I have run sucrose gradient fractionated (acetone precipitated) (HEK) cell lysed proteins on (6x8 cm dimension) 1D-SDS-PAGE. The gel was sliced and in-gel digested (with alkylation and reduction) . Digested peptides were analyzed Agilent (1200 series) Nano-LC and LTQ-Orbitrap (Discovery) systems. We have performed 110 minutes RP-gradient to separate peptides. A top 10 peaks selection based DDA (with CID) was used for acquisition.

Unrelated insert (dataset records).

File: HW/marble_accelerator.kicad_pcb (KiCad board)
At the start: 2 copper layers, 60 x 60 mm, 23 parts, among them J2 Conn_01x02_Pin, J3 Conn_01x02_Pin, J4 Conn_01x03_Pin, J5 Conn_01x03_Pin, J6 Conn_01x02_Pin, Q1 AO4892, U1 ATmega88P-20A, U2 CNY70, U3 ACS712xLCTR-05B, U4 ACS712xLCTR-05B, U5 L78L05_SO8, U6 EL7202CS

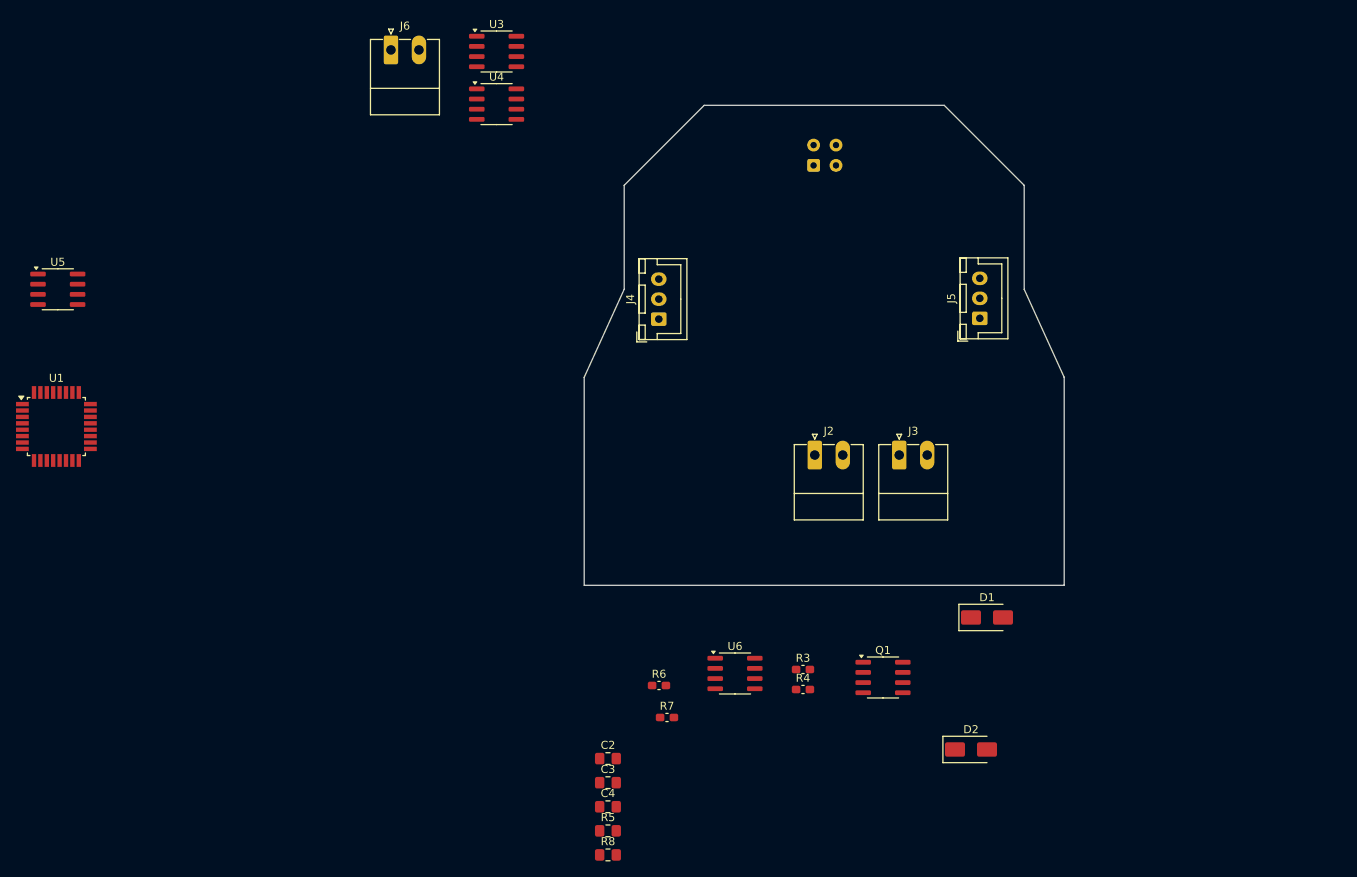
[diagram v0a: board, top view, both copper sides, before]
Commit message: update HW, reduce board to 5x5 cm
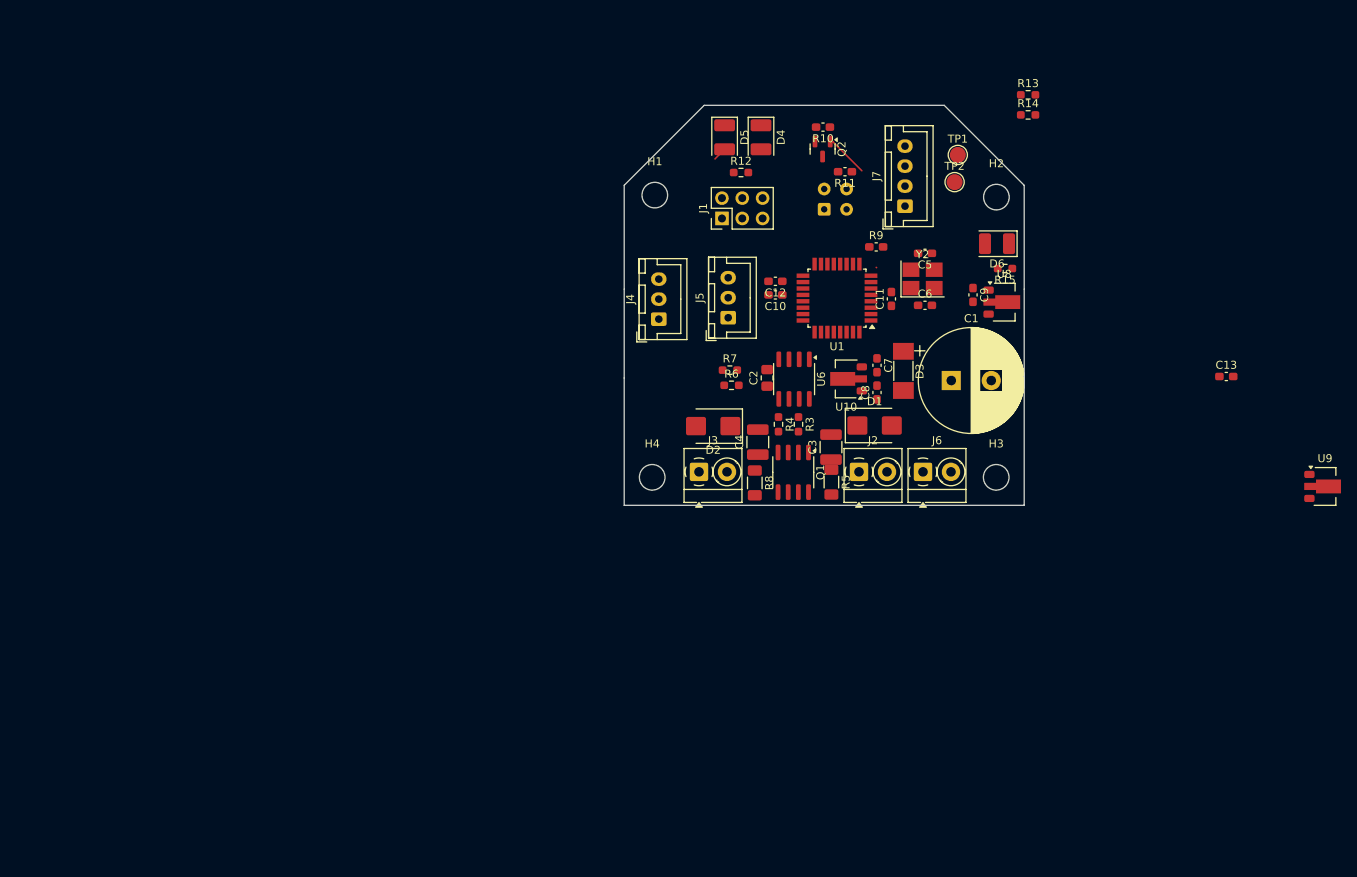
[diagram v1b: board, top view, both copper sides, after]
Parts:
- removed U3, U4: ACS712xLCTR-05B, Package_SO:SOIC-8_3.9x4.9mm_P1.27mm
- removed U5: L78L05_SO8, Package_SO:SOIC-8_3.9x4.9mm_P1.27mm
- added C1: 470µF/50V, Capacitor_THT:CP_Radial_D13.0mm_P5.00mm, F.Cu at (140.9, 74.4)
- added C10: 100nF, Capacitor_SMD:C_0603_1608Metric_Pad1.08x0.95mm_HandSolder, F.Cu at (118.9, 63.7)
- added C11: 100nF, Capacitor_SMD:C_0603_1608Metric_Pad1.08x0.95mm_HandSolder, F.Cu at (133.4, 64.2)
- added C12: 100nF, Capacitor_SMD:C_0603_1608Metric_Pad1.08x0.95mm_HandSolder, F.Cu at (118.9, 62.0)
- added C13: 100nF, Capacitor_SMD:C_0603_1608Metric_Pad1.08x0.95mm_HandSolder, F.Cu at (175.3, 73.9)
- added C5: 22pF, Capacitor_SMD:C_0603_1608Metric_Pad1.08x0.95mm_HandSolder, F.Cu at (137.6, 58.5)
- added C6: 22pF, Capacitor_SMD:C_0603_1608Metric_Pad1.08x0.95mm_HandSolder, F.Cu at (137.6, 65.0)
- added C7: 100nF, Capacitor_SMD:C_0603_1608Metric_Pad1.08x0.95mm_HandSolder, F.Cu at (131.6, 72.5)
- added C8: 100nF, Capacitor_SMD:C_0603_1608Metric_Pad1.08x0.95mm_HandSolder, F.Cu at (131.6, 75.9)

When we analyzed the results using MASCOT and Swissprot, as anticipated we generated a list of proteins. But we were unable to find back about 12 signature proteins associated with specific biology question. These proteins are used as markers while performing westerns and antibody labeled imaging. The proteins might have gone undetected due to its low abundance and problem with dynamic range of the instrument.
Hence I planned to perform more targeted acquisition using a inclusion list (to be active while choosing the masses for MS/MS acquisition). I took the help of the tool MS-Digest . I performed the in-silico digest of candidate proteins. After picking +2 and +3 monoisotopic masses to be used, each protein is generating around 200 MI masses, but limit of number of parent ion inclusion list is about 500 masses per method. Hence it is problem to analyze all the candidate proteins in a single run.
My question is; I wish to scrutinize the list of peptides/masses to be used in parent ion inclusion list. I can think of some of criterion of peptides for selection such as hydrophobicity, property of fragmentation etc. I am seeking for a tool which does this selection in-silico and provides a scoring kind of gauge as a measure of probability of the peptide being analyzed. Can any one in the forum suggest with such tool published?